Copy number variation was quantified using the assay described above with some modifications. PCR amplification was carried out with 10 ng of genomic DNA isolated from diaphragm samples by the phenol-chloroform method [64]. Primers used to amplify CYP2C49 gene are described in Additional file 12, Table S4. For single copy endogenous control gene amplification, a previously described design on the glucagon (GCG) gene [65] was used, but a single nucleotide substitution on primer forward was introduced to adapt the primer to the porcine species (Additional file 12, Table S4). A sample with the lowest copy number was selected as a calibrator.

Transposable element analysis

To identify repetitive and transposable elements in pig liver transcriptome RepeatMasker version open-3.3.0 [http://www.repeatmasker.org/] and the ‘quick search’ and ‘pig’ species options with Search Engine: NCBI/RMBLAST and complete Database: 20090604 were used.

Orthology and lncRNA detection

Intergenic expressed regions not yet annotated in the Sscrofa 9.61 pig genome assembly as described in [23] were extracted. Then, a conservative approach was followed, using only sequences expressed in at least four of the five animals of each group (H and L). To identify which of these transcripts were putative coding transcripts the Augustus software was used [36], providing exon boundaries and allowing complete protein translation from the forward strand. Finally, BLASTP was employed to check which of these predicted proteins were already annotated in the Homo sapiens, Bos taurus and Sus scrofa protein databases. For lncRNA annotation, the intergenic expressed regions were compared by BLAST with the 2,047 putative porcine lncRNA reported by Esteve-Codina et al. (2011). All transcripts that matched with an expectation value lower than 10-5 were retained.

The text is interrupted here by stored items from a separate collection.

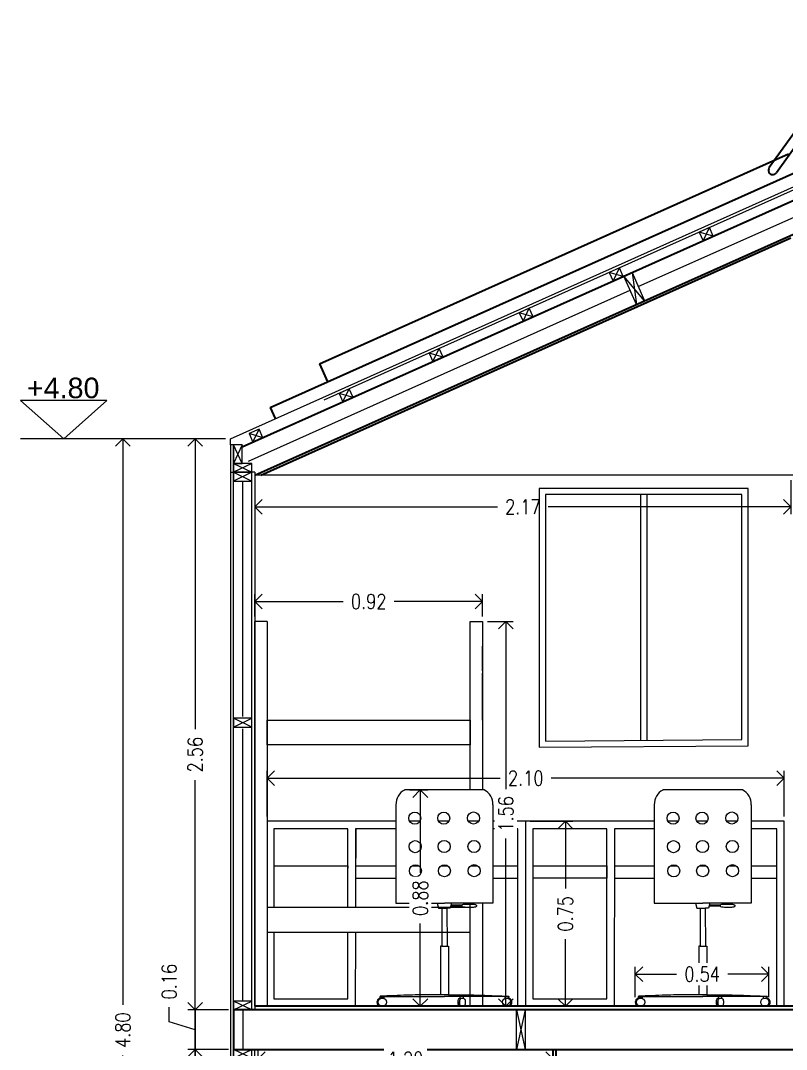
# Model space of a CAD drawing. Header units: inches. Extents: x -102.5 to -49.9, y 36.2 to 69.9.
# Drawn here: x -65.262 to -62.157, y 60.561 to 64.732 of the extents above; entities that cross this region are included whole.
import ezdxf

# ---------------------------------------------------------------- set-up
doc = ezdxf.new("R2010")
doc.units = ezdxf.units.IN
doc.header["$MEASUREMENT"] = 0
doc.layers.get('DEFPOINTS').update_dxf_attribs({"color": 210})
for name, color, linetype, lineweight in [('A-ANNO-DIMS', 3, 'Continuous', 18), ('A-DETL-MBND', 3, 'Continuous', 18), ('A-DETL-MCUT', 4, 'Continuous', 25), ('A-ELEV-IDEN', 3, 'Continuous', 18), ('A-ELEV-MBE1', 7, 'Continuous', 35), ('A-SECT-MCUT', 7, 'Continuous', 35), ('A-WALL-PATT', 8, 'Continuous', 18), ('A-WALL-STUD', 3, 'Continuous', 18), ('arredi', 7, 'Continuous', 20)]:
    doc.layers.add(name, color=color, linetype=linetype, lineweight=lineweight)
doc.styles.add('E-ROMANS', font='romans.shx', dxfattribs={"width": 0.8})
doc.styles.get("Standard").update_dxf_attribs({"font": 'Arial.ttf'})
doc.dimstyles.new('Fabio1', dxfattribs={"dimscale": 0.001, "dimtxt": 60, "dimasz": 60, "dimexe": 30, "dimexo": 20, "dimgap": 30, "dimtad": 0, "dimzin": 0, "dimdsep": 46, "dimtxsty": 'E-ROMANS', "dimblk": 'OPEN90', "dimcen": 90, "dimclrd": 3, "dimclre": 3, "dimclrt": 3, "dimadec": 0, "dimazin": 0, "dimtfac": 1, "dimtmove": 1, "dimatfit": 3, "dimldrblk": 'OPEN90', "dimfxl": 1, "dimtfill": 1, "dimtolj": 1, "dimtzin": 0, "dimlwd": -1, "dimarcsym": 0})

# ---------------------------------------------------------------- blocks, each defined once
blk = doc.blocks.new('_Open90')
at = {"color": 0, "linetype": 'ByBlock', "lineweight": -2}
for p, q in [((0, 0), (-1, 0)), ((-0.5, 0.5), (0, 0)), ((0, 0), (-0.5, -0.5))]:
    blk.add_line(p, q, dxfattribs=at)
blk = doc.blocks.new('*D1425')
at = {"layer": 'A-ANNO-DIMS', "color": 3, "lineweight": -2, "transparency": 16777216}
for p, q in [((-64.3005, 60.5306), (-64.3005, 60.491)), ((-63.1027, 60.5306), (-63.1027, 60.491))]:
    blk.add_line(p, q, dxfattribs=at)
at = {"layer": 'A-ANNO-DIMS', "color": 3, "transparency": 16777216}
for p, q in [((-64.2405, 60.521), (-63.8013, 60.521)), ((-63.1627, 60.521), (-63.6019, 60.521))]:
    blk.add_line(p, q, dxfattribs=at)
at = {"layer": 'DEFPOINTS', "color": 0, "transparency": 16777216}
for p in [(-64.3005, 60.5506), (-63.1027, 60.5506), (-63.1027, 60.521)]:
    blk.add_point(p, dxfattribs=at)
at = {"layer": 'A-ANNO-DIMS', "color": 3, "transparency": 16777216, "xscale": 0.06, "yscale": 0.06, "zscale": 0.06, "rotation": 180}
blk.add_blockref('_Open90', (-64.3005, 60.521), dxfattribs=at)
at = {"layer": 'A-ANNO-DIMS', "color": 3, "transparency": 16777216, "xscale": 0.06, "yscale": 0.06, "zscale": 0.06}
blk.add_blockref('_Open90', (-63.1027, 60.521), dxfattribs=at)
at = {"layer": 'A-ANNO-DIMS', "color": 3, "transparency": 16777216, "insert": (-63.7016, 60.521), "char_height": 0.06, "attachment_point": 5, "style": 'E-ROMANS', "bg_fill": 3, "box_fill_scale": 1.25, "bg_fill_color": 256, "bg_fill_true_color": 13158600, "bg_fill_transparency": 0}
blk.add_mtext('\\A1;1.20', dxfattribs=at)
blk = doc.blocks.new('*D1416')
at = {"layer": 'A-ANNO-DIMS', "color": 3, "lineweight": -2, "transparency": 16777216}
for p, q in [((-64.2625, 61.5056), (-64.2625, 61.6903)), ((-62.1664, 61.5056), (-62.1664, 61.6903))]:
    blk.add_line(p, q, dxfattribs=at)
at = {"layer": 'A-ANNO-DIMS', "color": 3, "transparency": 16777216}
for p, q in [((-64.2025, 61.6603), (-63.3176, 61.6603)), ((-62.2264, 61.6603), (-63.1113, 61.6603))]:
    blk.add_line(p, q, dxfattribs=at)
at = {"layer": 'DEFPOINTS', "color": 0, "transparency": 16777216}
for p in [(-64.2625, 61.6603), (-64.2625, 61.4856), (-62.1664, 61.4856)]:
    blk.add_point(p, dxfattribs=at)
at = {"layer": 'A-ANNO-DIMS', "color": 3, "transparency": 16777216, "xscale": 0.06, "yscale": 0.06, "zscale": 0.06, "rotation": 180}
blk.add_blockref('_Open90', (-64.2625, 61.6603), dxfattribs=at)
at = {"layer": 'A-ANNO-DIMS', "color": 3, "transparency": 16777216, "xscale": 0.06, "yscale": 0.06, "zscale": 0.06}
blk.add_blockref('_Open90', (-62.1664, 61.6603), dxfattribs=at)
at = {"layer": 'A-ANNO-DIMS', "color": 3, "transparency": 16777216, "insert": (-63.2145, 61.6603), "char_height": 0.06, "attachment_point": 5, "style": 'E-ROMANS', "bg_fill": 3, "box_fill_scale": 1.25, "bg_fill_color": 256, "bg_fill_true_color": 13158600, "bg_fill_transparency": 0}
blk.add_mtext('\\A1;2.10', dxfattribs=at)
blk = doc.blocks.new('*D1417')
at = {"layer": 'A-ANNO-DIMS', "color": 3, "lineweight": -2, "transparency": 16777216}
for p, q in [((-63.1959, 61.4856), (-63.0236, 61.4856)), ((-63.1959, 60.7356), (-63.0236, 60.7356))]:
    blk.add_line(p, q, dxfattribs=at)
at = {"layer": 'A-ANNO-DIMS', "color": 3, "transparency": 16777216}
for p, q in [((-63.0536, 61.4256), (-63.0536, 61.2137)), ((-63.0536, 60.7956), (-63.0536, 61.0074))]:
    blk.add_line(p, q, dxfattribs=at)
at = {"layer": 'DEFPOINTS', "color": 0, "transparency": 16777216}
for p in [(-63.2159, 61.4856), (-63.2159, 60.7356), (-63.0536, 60.7356)]:
    blk.add_point(p, dxfattribs=at)
at = {"layer": 'A-ANNO-DIMS', "color": 3, "transparency": 16777216, "xscale": 0.06, "yscale": 0.06, "zscale": 0.06}
for p, rotation in [((-63.0536, 61.4856), 90), ((-63.0536, 60.7356), 270)]:
    blk.add_blockref('_Open90', p, dxfattribs=dict(at, rotation=rotation))
at = {"layer": 'A-ANNO-DIMS', "color": 3, "transparency": 16777216, "insert": (-63.0536, 61.1106), "char_height": 0.06, "attachment_point": 5, "rotation": 90, "style": 'E-ROMANS', "bg_fill": 3, "box_fill_scale": 1.25, "bg_fill_color": 256, "bg_fill_true_color": 13158600, "bg_fill_transparency": 0}
blk.add_mtext('\\A1;0.75', dxfattribs=at)
blk = doc.blocks.new('*D1418')
at = {"layer": 'A-ANNO-DIMS', "color": 3, "lineweight": -2, "transparency": 16777216}
for p, q in [((-63.686, 61.6125), (-63.6118, 61.6125)), ((-63.6218, 60.7356), (-63.6118, 60.7356))]:
    blk.add_line(p, q, dxfattribs=at)
at = {"layer": 'A-ANNO-DIMS', "color": 3, "transparency": 16777216}
for p, q in [((-63.6418, 61.5525), (-63.6418, 61.2771)), ((-63.6418, 60.7956), (-63.6418, 61.0709))]:
    blk.add_line(p, q, dxfattribs=at)
at = {"layer": 'DEFPOINTS', "color": 0, "transparency": 16777216}
for p in [(-63.706, 61.6125), (-63.6418, 60.7356), (-63.6418, 60.7356)]:
    blk.add_point(p, dxfattribs=at)
at = {"layer": 'A-ANNO-DIMS', "color": 3, "transparency": 16777216, "xscale": 0.06, "yscale": 0.06, "zscale": 0.06}
for p, rotation in [((-63.6418, 61.6125), 90), ((-63.6418, 60.7356), 270)]:
    blk.add_blockref('_Open90', p, dxfattribs=dict(at, rotation=rotation))
at = {"layer": 'A-ANNO-DIMS', "color": 3, "transparency": 16777216, "insert": (-63.6418, 61.174), "char_height": 0.06, "attachment_point": 5, "rotation": 90, "style": 'E-ROMANS', "bg_fill": 3, "box_fill_scale": 1.25, "bg_fill_color": 256, "bg_fill_true_color": 13158600, "bg_fill_transparency": 0}
blk.add_mtext('\\A1;0.88', dxfattribs=at)
blk = doc.blocks.new('*D1419')
at = {"layer": 'A-ANNO-DIMS', "color": 3, "lineweight": -2, "transparency": 16777216}
for p, q in [((-62.7702, 60.772), (-62.7702, 60.8958)), ((-62.2282, 60.772), (-62.2282, 60.8958))]:
    blk.add_line(p, q, dxfattribs=at)
at = {"layer": 'A-ANNO-DIMS', "color": 3, "transparency": 16777216}
for p, q in [((-62.7102, 60.8658), (-62.6035, 60.8658)), ((-62.2882, 60.8658), (-62.3949, 60.8658))]:
    blk.add_line(p, q, dxfattribs=at)
at = {"layer": 'DEFPOINTS', "color": 0, "transparency": 16777216}
for p in [(-62.2282, 60.8658), (-62.7702, 60.752), (-62.2282, 60.752)]:
    blk.add_point(p, dxfattribs=at)
at = {"layer": 'A-ANNO-DIMS', "color": 3, "transparency": 16777216, "xscale": 0.06, "yscale": 0.06, "zscale": 0.06, "rotation": 180}
blk.add_blockref('_Open90', (-62.7702, 60.8658), dxfattribs=at)
at = {"layer": 'A-ANNO-DIMS', "color": 3, "transparency": 16777216, "xscale": 0.06, "yscale": 0.06, "zscale": 0.06}
blk.add_blockref('_Open90', (-62.2282, 60.8658), dxfattribs=at)
at = {"layer": 'A-ANNO-DIMS', "color": 3, "transparency": 16777216, "insert": (-62.4992, 60.8658), "char_height": 0.06, "attachment_point": 5, "style": 'E-ROMANS', "bg_fill": 3, "box_fill_scale": 1.25, "bg_fill_color": 256, "bg_fill_true_color": 13158600, "bg_fill_transparency": 0}
blk.add_mtext('\\A1;0.54', dxfattribs=at)
blk = doc.blocks.new('*D1420')
at = {"layer": 'A-ANNO-DIMS', "color": 3, "lineweight": -2, "transparency": 16777216}
for p, q in [((-64.3125, 62.3156), (-64.3125, 62.4067)), ((-63.3895, 62.3156), (-63.3895, 62.4067))]:
    blk.add_line(p, q, dxfattribs=at)
at = {"layer": 'A-ANNO-DIMS', "color": 3, "transparency": 16777216}
for p, q in [((-64.2525, 62.3767), (-63.9541, 62.3767)), ((-63.4495, 62.3767), (-63.7478, 62.3767))]:
    blk.add_line(p, q, dxfattribs=at)
at = {"layer": 'DEFPOINTS', "color": 0, "transparency": 16777216}
for p in [(-63.3895, 62.3767), (-64.3125, 62.2956), (-63.3895, 62.2956)]:
    blk.add_point(p, dxfattribs=at)
at = {"layer": 'A-ANNO-DIMS', "color": 3, "transparency": 16777216, "xscale": 0.06, "yscale": 0.06, "zscale": 0.06, "rotation": 180}
blk.add_blockref('_Open90', (-64.3125, 62.3767), dxfattribs=at)
at = {"layer": 'A-ANNO-DIMS', "color": 3, "transparency": 16777216, "xscale": 0.06, "yscale": 0.06, "zscale": 0.06}
blk.add_blockref('_Open90', (-63.3895, 62.3767), dxfattribs=at)
at = {"layer": 'A-ANNO-DIMS', "color": 3, "transparency": 16777216, "insert": (-63.851, 62.3767), "char_height": 0.06, "attachment_point": 5, "style": 'E-ROMANS', "bg_fill": 3, "box_fill_scale": 1.25, "bg_fill_color": 256, "bg_fill_true_color": 13158600, "bg_fill_transparency": 0}
blk.add_mtext('\\A1;0.92', dxfattribs=at)
blk = doc.blocks.new('*D1406')
at = {"layer": 'A-ANNO-DIMS', "color": 3, "lineweight": -2, "transparency": 16777216}
for p, q in [((-63.3695, 62.2956), (-63.2647, 62.2956)), ((-63.3695, 60.7356), (-63.2647, 60.7356))]:
    blk.add_line(p, q, dxfattribs=at)
at = {"layer": 'A-ANNO-DIMS', "color": 3, "transparency": 16777216}
for p, q in [((-63.2947, 62.2356), (-63.2947, 61.6153)), ((-63.2947, 60.7956), (-63.2947, 61.4158))]:
    blk.add_line(p, q, dxfattribs=at)
at = {"layer": 'DEFPOINTS', "color": 0, "transparency": 16777216}
for p in [(-63.3895, 62.2956), (-63.3895, 60.7356), (-63.2947, 60.7356)]:
    blk.add_point(p, dxfattribs=at)
at = {"layer": 'A-ANNO-DIMS', "color": 3, "transparency": 16777216, "xscale": 0.06, "yscale": 0.06, "zscale": 0.06}
for p, rotation in [((-63.2947, 62.2956), 90), ((-63.2947, 60.7356), 270)]:
    blk.add_blockref('_Open90', p, dxfattribs=dict(at, rotation=rotation))
at = {"layer": 'A-ANNO-DIMS', "color": 3, "transparency": 16777216, "insert": (-63.2947, 61.5156), "char_height": 0.06, "attachment_point": 5, "rotation": 90, "style": 'E-ROMANS', "bg_fill": 3, "box_fill_scale": 1.25, "bg_fill_color": 256, "bg_fill_true_color": 13158600, "bg_fill_transparency": 0}
blk.add_mtext('\\A1;1.56', dxfattribs=at)
blk = doc.blocks.new('*D1407')
at = {"layer": 'A-ANNO-DIMS', "color": 3, "lineweight": -2, "transparency": 16777216}
for p, q in [((-64.3125, 62.8694), (-64.3125, 62.7306)), ((-62.1395, 62.8693), (-62.1395, 62.7306))]:
    blk.add_line(p, q, dxfattribs=at)
at = {"layer": 'A-ANNO-DIMS', "color": 3, "transparency": 16777216}
for p, q in [((-64.2525, 62.7606), (-63.3291, 62.7606)), ((-62.1995, 62.7606), (-63.1229, 62.7606))]:
    blk.add_line(p, q, dxfattribs=at)
at = {"layer": 'DEFPOINTS', "color": 0, "transparency": 16777216}
for p in [(-64.3125, 62.8894), (-62.1395, 62.8893), (-62.1395, 62.7606)]:
    blk.add_point(p, dxfattribs=at)
at = {"layer": 'A-ANNO-DIMS', "color": 3, "transparency": 16777216, "xscale": 0.06, "yscale": 0.06, "zscale": 0.06, "rotation": 180}
blk.add_blockref('_Open90', (-64.3125, 62.7606), dxfattribs=at)
at = {"layer": 'A-ANNO-DIMS', "color": 3, "transparency": 16777216, "xscale": 0.06, "yscale": 0.06, "zscale": 0.06}
blk.add_blockref('_Open90', (-62.1395, 62.7606), dxfattribs=at)
at = {"layer": 'A-ANNO-DIMS', "color": 3, "transparency": 16777216, "insert": (-63.226, 62.7606), "char_height": 0.06, "attachment_point": 5, "style": 'E-ROMANS', "bg_fill": 3, "box_fill_scale": 1.25, "bg_fill_color": 256, "bg_fill_true_color": 13158600, "bg_fill_transparency": 0}
blk.add_mtext('\\A1;2.17', dxfattribs=at)
blk = doc.blocks.new('*D1403')
at = {"layer": 'A-ANNO-DIMS', "color": 3, "transparency": 16777216}
for p, q in [((-64.5549, 60.7805), (-64.5549, 60.8405)), ((-64.6599, 60.672), (-64.6599, 60.732)), ((-64.5549, 60.7205), (-64.5549, 60.5606)), ((-64.5549, 60.7205), (-64.5549, 60.5606)), ((-64.5549, 60.6405), (-64.6599, 60.672)), ((-64.5549, 60.5006), (-64.5549, 60.4406))]:
    blk.add_line(p, q, dxfattribs=at)
at = {"layer": 'A-ANNO-DIMS', "color": 3, "lineweight": -2, "transparency": 16777216}
for p, q in [((-64.4195, 60.7205), (-64.5849, 60.7205)), ((-64.4195, 60.5606), (-64.5849, 60.5606))]:
    blk.add_line(p, q, dxfattribs=at)
at = {"layer": 'DEFPOINTS', "color": 0, "transparency": 16777216}
for p in [(-64.3995, 60.7205), (-64.5549, 60.5606), (-64.3995, 60.5606)]:
    blk.add_point(p, dxfattribs=at)
at = {"layer": 'A-ANNO-DIMS', "color": 3, "transparency": 16777216, "xscale": 0.06, "yscale": 0.06, "zscale": 0.06}
for p, rotation in [((-64.5549, 60.7205), 270), ((-64.5549, 60.5606), 90)]:
    blk.add_blockref('_Open90', p, dxfattribs=dict(at, rotation=rotation))
at = {"layer": 'A-ANNO-DIMS', "color": 3, "transparency": 16777216, "insert": (-64.6599, 60.8352), "char_height": 0.06, "attachment_point": 5, "rotation": 90, "style": 'E-ROMANS', "bg_fill": 3, "box_fill_scale": 1.25, "bg_fill_color": 256, "bg_fill_true_color": 13158600, "bg_fill_transparency": 0}
blk.add_mtext('\\A1;0.16', dxfattribs=at)
blk = doc.blocks.new('*D1404')
at = {"layer": 'A-ANNO-DIMS', "color": 3, "lineweight": -2, "transparency": 16777216}
for p, q in [((-64.4315, 63.0369), (-64.5849, 63.0369)), ((-64.4315, 60.4746), (-64.5849, 60.4746))]:
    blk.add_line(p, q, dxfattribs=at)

Gene functional classification, network and canonical pathways analyses

Biological network generation, functional classification and pathways analyses of differentially-expressed genes were carried out using Ingenuity Pathways Analysis software (IPA; Ingenuity Systems, http://www.ingenuity.com). The list of human homologs that correspond to the 50 protein-coding pig genes differentially-expressed was uploaded into the application. Then, each gene identifier was mapped to its corresponding gene object in the Ingenuity Pathways Knowledge Base (IPKB). Networks of these genes were generated based on their connectivity. Network analysis returns a score that ranks networks according to their degree of relevance to the network eligible molecules in the dataset [66]. The network score is based on the hypergeometric distribution and is calculated with the right-tailed Fisher’s exact test. The score is the negative log of this p- value. Only those molecules that demonstrate direct and indirect relationships to other genes, or proteins were integrated into the analysis.

IPA Functional Analysis was employed to identify the most significant biological functions in the comparative dataset of H and L groups. A canonical pathways analysis was generated to identify the pathways from the IPA library that were most significant. Fischer’s exact test was employed to calculate a p-value which determines the probability that each biological functions and/or canonical pathway is due to chance alone. The cut-off for considering a significance association was established by Benjamini & Hochberg (B-H) multiple testing correction of the p-value (FDR < 0.05) [67].

Data availability

The full data sets have been submitted to Gene Expression Omnibus (GEO) under accession GSE38588 and at NCBI Sequence Read Archive (SRA) under Accession SRA053452, Bioproject: PRJNA168072.